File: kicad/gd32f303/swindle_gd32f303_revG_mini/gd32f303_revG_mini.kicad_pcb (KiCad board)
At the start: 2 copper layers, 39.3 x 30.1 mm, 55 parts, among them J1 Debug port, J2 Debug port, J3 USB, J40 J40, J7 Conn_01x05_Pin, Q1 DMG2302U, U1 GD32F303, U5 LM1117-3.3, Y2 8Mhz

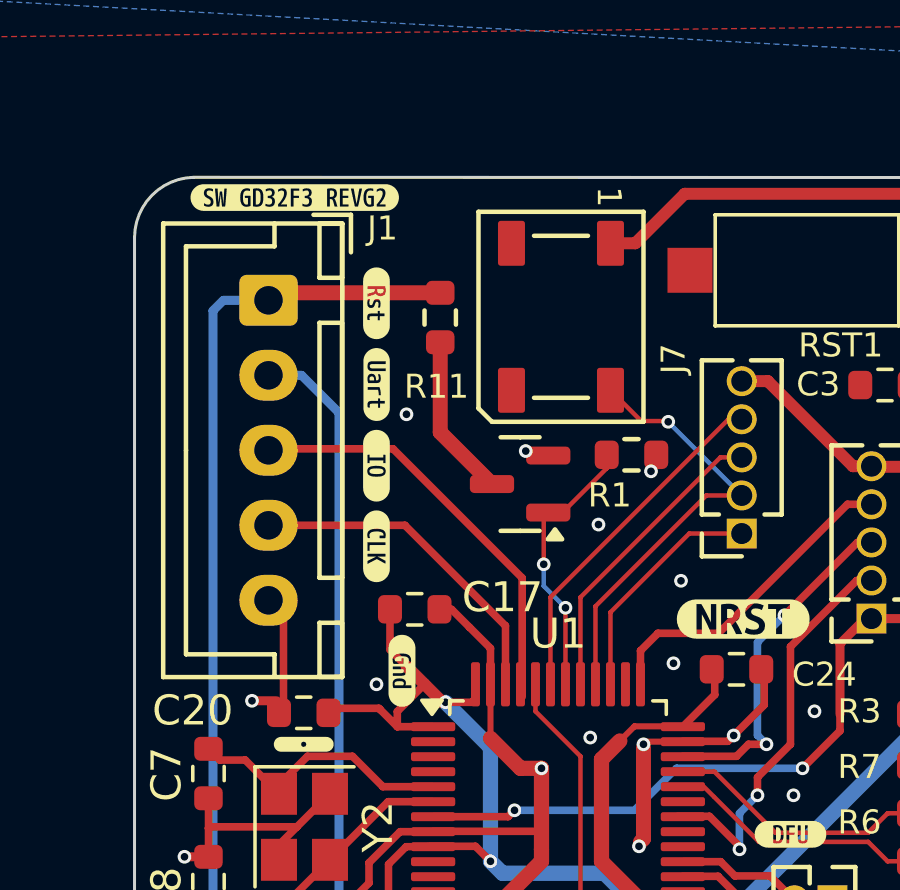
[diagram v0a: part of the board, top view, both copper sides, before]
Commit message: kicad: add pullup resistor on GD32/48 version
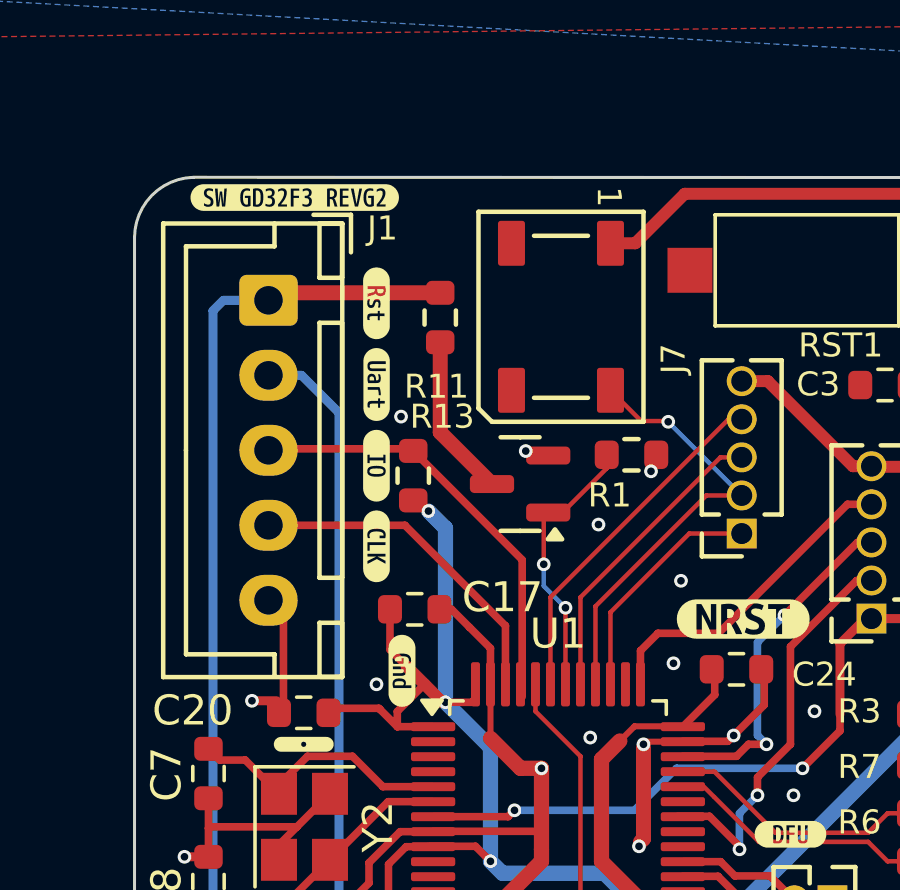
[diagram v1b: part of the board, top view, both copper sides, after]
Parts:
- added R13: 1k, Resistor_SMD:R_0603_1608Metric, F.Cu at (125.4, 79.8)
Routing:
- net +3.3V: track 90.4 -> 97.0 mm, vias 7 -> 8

### WHAT YOU NEED TO DO
Make an exact copy of the whole listing, but don't bring over any pictures.

### EXERCISE RESPONSE
File: kicad/gd32f303/swindle_gd32f303_revG_mini/gd32f303_revG_mini.kicad_pcb (KiCad board)
At the start: 2 copper layers, 39.3 x 30.1 mm, 55 parts, among them J1 Debug port, J2 Debug port, J3 USB, J40 J40, J7 Conn_01x05_Pin, Q1 DMG2302U, U1 GD32F303, U5 LM1117-3.3, Y2 8Mhz

[diagram v0a: part of the board, top view, both copper sides, before]
Commit message: kicad: add pullup resistor on GD32/48 version
[diagram v1b: part of the board, top view, both copper sides, after]
Parts:
- added R13: 1k, Resistor_SMD:R_0603_1608Metric, F.Cu at (125.4, 79.8)
Routing:
- net +3.3V: track 90.4 -> 97.0 mm, vias 7 -> 8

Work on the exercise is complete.